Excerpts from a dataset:
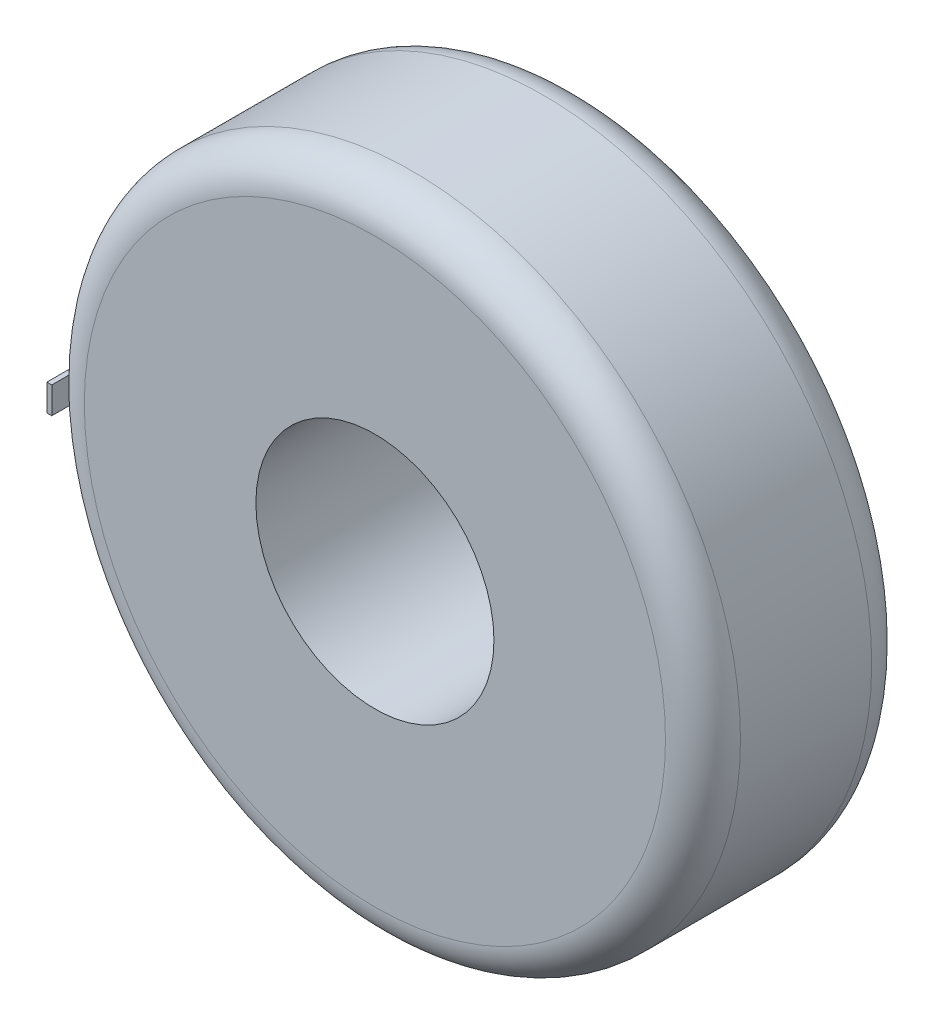
from build123d import *

# Parameters (mm, degrees)
CROQUIS1_R              = 17.5
CROQUIS1_R_2            = 6.35
SALIENTE_EXTRUIR1_DEPTH = 11
REDONDEO1_R             = 2
SALIENTE_EXTRUIR2_REACH = 29.083
CROQUIS2_W              = 0.263095083
CROQUIS2_H              = 1.425025485


with BuildPart() as part:
    # Croquis1 → Saliente-Extruir1 (new body)
    with BuildSketch(Plane.XY):
        Circle(CROQUIS1_R)
        Circle(CROQUIS1_R_2, mode=Mode.SUBTRACT)
    extrude(amount=SALIENTE_EXTRUIR1_DEPTH)

    # Redondeo1
    redondeo1_edges = [part.edges().sort_by_distance(p)[0] for p in [
        (-17.5, 0, 0),
        (-17.5, 0, 11),
    ]]
    fillet(redondeo1_edges, radius=REDONDEO1_R)

    # Saliente-Extruir2: up to this face of the body (flat: up to its plane)
    saliente_extruir2_end = Plane(part.part.faces().sort_by_distance((-15.061593796, 0, 0))[0])
    # Croquis2 → Saliente-Extruir2 (add, up to the picked face)
    with BuildSketch(Plane.XY.offset(11), mode=Mode.PRIVATE) as saliente_extruir2_sk1:
        with Locations((-17.368452459, -0.712512743)):
            Rectangle(CROQUIS2_W, CROQUIS2_H)
    saliente_extruir2_tool1 = split(extrude(saliente_extruir2_sk1.sketch, amount=-SALIENTE_EXTRUIR2_REACH, mode=Mode.PRIVATE), bisect_by=saliente_extruir2_end, keep=Keep.BOTH, mode=Mode.PRIVATE)
    add(saliente_extruir2_tool1.solids().sort_by(Axis((-17.368452, -0.712513, 11), (0, 0, -1)))[0])


solid = part.part
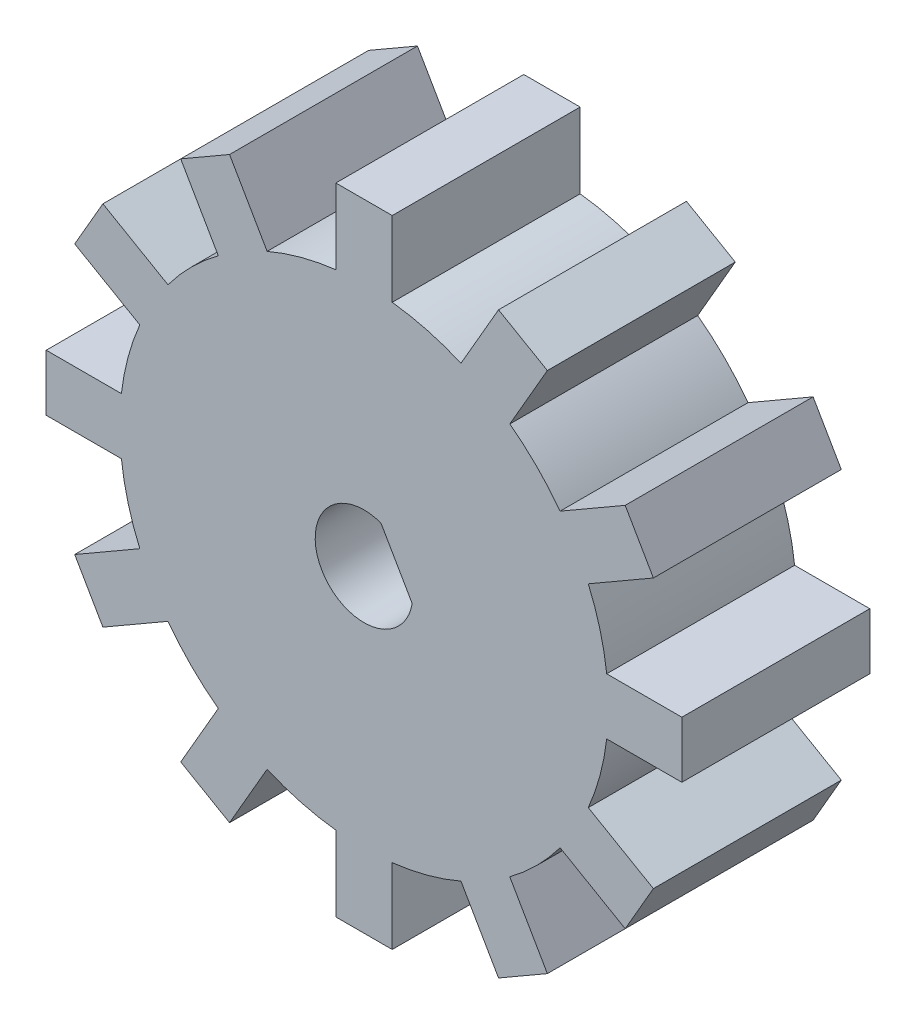
from build123d import *

# Parameters (mm, degrees)
BOSS_EXTRUDE1_DEPTH = 10
CUT_EXTRUDE1_DEPTH  = 10


with BuildPart() as part:
    # Sketch1 → Boss-Extrude1 (new body)
    with BuildSketch(Plane.XY):
        with BuildLine():
            Line((-1.5, 16.91317157), (-1.5, 12.91317157))
            ThreePointArc((-1.5, 12.91317157), (-3.364647586, 12.557035742), (-5.157547679, 11.933134623))
            Line((-5.157547679, 11.933134623), (-7.157547679, 15.397236238))
            Line((-7.157547679, 15.397236238), (-9.755623891, 13.897236238))
            Line((-9.755623891, 13.897236238), (-7.755623891, 10.433134623))
            ThreePointArc((-7.755623891, 10.433134623), (-9.192388155, 9.192388155), (-10.433134623, 7.755623891))
            Line((-10.433134623, 7.755623891), (-13.897236238, 9.755623891))
            Line((-13.897236238, 9.755623891), (-15.397236238, 7.157547679))
            Line((-15.397236238, 7.157547679), (-11.933134623, 5.157547679))
            ThreePointArc((-11.933134623, 5.157547679), (-12.557035742, 3.364647586), (-12.91317157, 1.5))
            Line((-12.91317157, 1.5), (-16.91317157, 1.5))
            Line((-16.91317157, 1.5), (-16.91317157, -1.5))
            Line((-16.91317157, -1.5), (-12.91317157, -1.5))
            ThreePointArc((-12.91317157, -1.5), (-12.557035742, -3.364647586), (-11.933134623, -5.157547679))
            Line((-11.933134623, -5.157547679), (-15.397236238, -7.157547679))
            Line((-15.397236238, -7.157547679), (-13.897236238, -9.755623891))
            Line((-13.897236238, -9.755623891), (-10.433134623, -7.755623891))
            ThreePointArc((-10.433134623, -7.755623891), (-9.192388155, -9.192388155), (-7.755623891, -10.433134623))
            Line((-7.755623891, -10.433134623), (-9.755623891, -13.897236238))
            Line((-9.755623891, -13.897236238), (-7.157547679, -15.397236238))
            Line((-7.157547679, -15.397236238), (-5.157547679, -11.933134623))
            ThreePointArc((-5.157547679, -11.933134623), (-3.364647586, -12.557035742), (-1.5, -12.91317157))
            Line((-1.5, -12.91317157), (-1.5, -16.91317157))
            Line((-1.5, -16.91317157), (1.5, -16.91317157))
            Line((1.5, -16.91317157), (1.5, -12.91317157))
            ThreePointArc((1.5, -12.91317157), (3.364647586, -12.557035742), (5.157547679, -11.933134623))
            Line((5.157547679, -11.933134623), (7.157547679, -15.397236238))
            Line((7.157547679, -15.397236238), (9.755623891, -13.897236238))
            Line((9.755623891, -13.897236238), (7.755623891, -10.433134623))
            ThreePointArc((7.755623891, -10.433134623), (9.192388155, -9.192388155), (10.433134623, -7.755623891))
            Line((10.433134623, -7.755623891), (13.897236238, -9.755623891))
            Line((13.897236238, -9.755623891), (15.397236238, -7.157547679))
            Line((15.397236238, -7.157547679), (11.933134623, -5.157547679))
            ThreePointArc((11.933134623, -5.157547679), (12.557035742, -3.364647586), (12.91317157, -1.5))
            Line((12.91317157, -1.5), (16.91317157, -1.5))
            Line((16.91317157, -1.5), (16.91317157, 1.5))
            Line((16.91317157, 1.5), (12.91317157, 1.5))
            ThreePointArc((12.91317157, 1.5), (12.557035742, 3.364647586), (11.933134623, 5.157547679))
            Line((11.933134623, 5.157547679), (15.397236238, 7.157547679))
            Line((15.397236238, 7.157547679), (13.897236238, 9.755623891))
            Line((13.897236238, 9.755623891), (10.433134623, 7.755623891))
            ThreePointArc((10.433134623, 7.755623891), (9.192388155, 9.192388155), (7.755623891, 10.433134623))
            Line((7.755623891, 10.433134623), (9.755623891, 13.897236238))
            Line((9.755623891, 13.897236238), (7.157547679, 15.397236238))
            Line((7.157547679, 15.397236238), (5.157547679, 11.933134623))
            ThreePointArc((5.157547679, 11.933134623), (3.364647586, 12.557035742), (1.5, 12.91317157))
            Line((1.5, 12.91317157), (1.5, 16.91317157))
            Line((1.5, 16.91317157), (-1.5, 16.91317157))
        make_face()
    extrude(amount=BOSS_EXTRUDE1_DEPTH)

    # Sketch2 → Cut-Extrude1 (cut)
    with BuildSketch(Plane.XY.offset(10)):
        with BuildLine():
            Line((2.562713194, -0.438749457), (0.901388421, 2.438749457))
            ThreePointArc((0.901388421, 2.438749457), (-2.25166605, -1.3), (2.562713194, -0.438749457))
        make_face()
    extrude(amount=-CUT_EXTRUDE1_DEPTH, mode=Mode.SUBTRACT)


solid = part.part
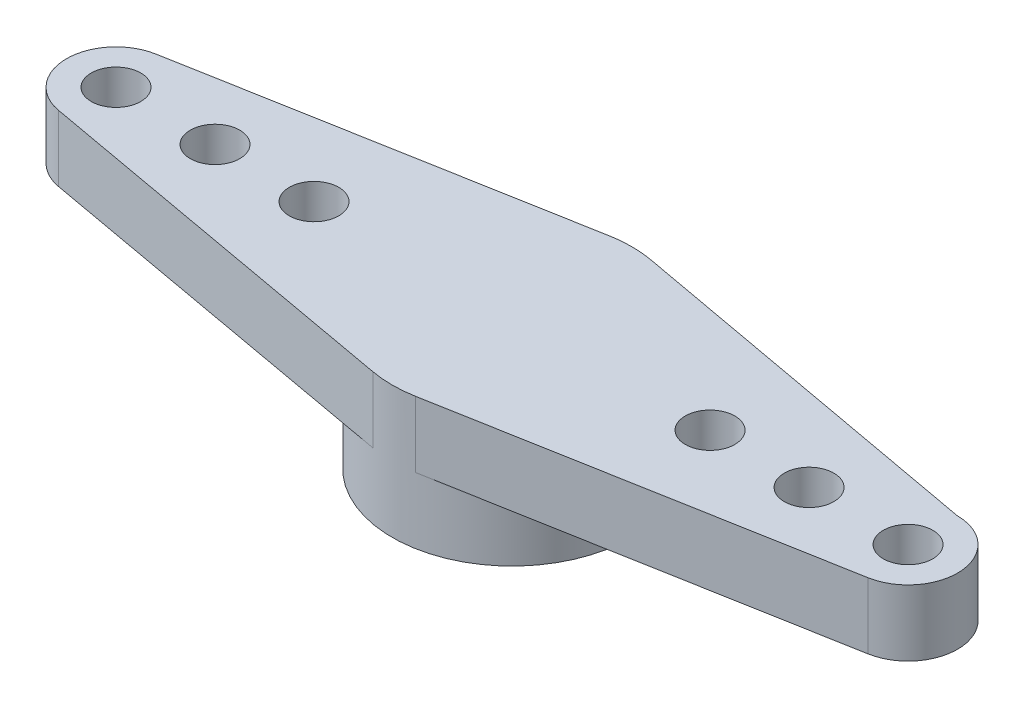
from build123d import *

# Parameters (mm, degrees)
BOSS_EXTRUDE1_DEPTH = 2
SKETCH2_R           = 0.75
CUT_EXTRUDE1_DEPTH  = 15.121858943
BOSS_EXTRUDE2_START = 2
SKETCH4_R           = 3.63
SKETCH4_R_2         = 2.88
BOSS_EXTRUDE2_DEPTH = 2


with BuildPart() as part:
    # Sketch1 → Boss-Extrude1 (new body)
    with BuildSketch(Plane(origin=(0, 0, 0), x_dir=(1, 0, 0), z_dir=(0, 1, 0))):
        with BuildLine():
            Line((-12.26625, 1.476181201), (-0.644325, 3.572358506))
            ThreePointArc((-0.644325, 3.572358506), (0.003746369, 3.629998067), (0.651697383, 3.571020935))
            Line((0.651697383, 3.571020935), (12, 1.5))
            ThreePointArc((12, 1.5), (13.494033434, 0.133656648), (12.26625, -1.476181201))
            Line((12.26625, -1.476181201), (0.644325, -3.572358506))
            ThreePointArc((0.644325, -3.572358506), (0, -3.63), (-0.644325, -3.572358506))
            Line((-0.644325, -3.572358506), (-12.26625, -1.476181201))
            ThreePointArc((-12.26625, -1.476181201), (-13.5, 0), (-12.26625, 1.476181201))
        make_face()
    extrude(amount=BOSS_EXTRUDE1_DEPTH)

    # Sketch2 → Cut-Extrude1 (cut, through all)
    with BuildSketch(Plane(origin=(0, 2, 0), x_dir=(1, 0, 0), z_dir=(0, 1, 0))):
        with Locations(Location((12, 0, 0), (0, 0, 270))):
            Circle(SKETCH2_R)
        with Locations(Location((9, 0, 0), (0, 0, 270))):
            Circle(SKETCH2_R)
        with Locations(Location((6, 0, 0), (0, 0, 270))):
            Circle(SKETCH2_R)
    cut_extrude1 = extrude(amount=-CUT_EXTRUDE1_DEPTH, mode=Mode.SUBTRACT)

    # Mirror1: Cut-Extrude1 across plane
    add(cut_extrude1.mirror(Plane(origin=(0, 0, 0), x_dir=(0, 0, 1), z_dir=(1, 0, 0))), mode=Mode.SUBTRACT)

    # Sketch4 → Boss-Extrude2 (add)
    with BuildSketch(Plane.XZ.offset(BOSS_EXTRUDE2_START)):
        with Locations(Location((0, 0, 0), (0, 0, 270))):
            Circle(SKETCH4_R)
        with Locations(Location((0, 0, 0), (0, 0, 270))):
            Circle(SKETCH4_R_2, mode=Mode.SUBTRACT)
    extrude(amount=-BOSS_EXTRUDE2_DEPTH)


solid = part.part

What is being asked:
From the records above, retype only the lines starting at the line that contains "-9.192388155), (10.433134623, -7.755623891))" and ending at the line that contains "Line((2.562713194, -0.438749457), (0.901388421, 2.438749457))", both included.

Task output:
            ThreePointArc((7.755623891, -10.433134623), (9.192388155, -9.192388155), (10.433134623, -7.755623891))
            Line((10.433134623, -7.755623891), (13.897236238, -9.755623891))
            Line((13.897236238, -9.755623891), (15.397236238, -7.157547679))
            Line((15.397236238, -7.157547679), (11.933134623, -5.157547679))
            ThreePointArc((11.933134623, -5.157547679), (12.557035742, -3.364647586), (12.91317157, -1.5))
            Line((12.91317157, -1.5), (16.91317157, -1.5))
            Line((16.91317157, -1.5), (16.91317157, 1.5))
            Line((16.91317157, 1.5), (12.91317157, 1.5))
            ThreePointArc((12.91317157, 1.5), (12.557035742, 3.364647586), (11.933134623, 5.157547679))
            Line((11.933134623, 5.157547679), (15.397236238, 7.157547679))
            Line((15.397236238, 7.157547679), (13.897236238, 9.755623891))
            Line((13.897236238, 9.755623891), (10.433134623, 7.755623891))
            ThreePointArc((10.433134623, 7.755623891), (9.192388155, 9.192388155), (7.755623891, 10.433134623))
            Line((7.755623891, 10.433134623), (9.755623891, 13.897236238))
            Line((9.755623891, 13.897236238), (7.157547679, 15.397236238))
            Line((7.157547679, 15.397236238), (5.157547679, 11.933134623))
            ThreePointArc((5.157547679, 11.933134623), (3.364647586, 12.557035742), (1.5, 12.91317157))
            Line((1.5, 12.91317157), (1.5, 16.91317157))
            Line((1.5, 16.91317157), (-1.5, 16.91317157))
        make_face()
    extrude(amount=BOSS_EXTRUDE1_DEPTH)

    # Sketch2 → Cut-Extrude1 (cut)
    with BuildSketch(Plane.XY.offset(10)):
        with BuildLine():
            Line((2.562713194, -0.438749457), (0.901388421, 2.438749457))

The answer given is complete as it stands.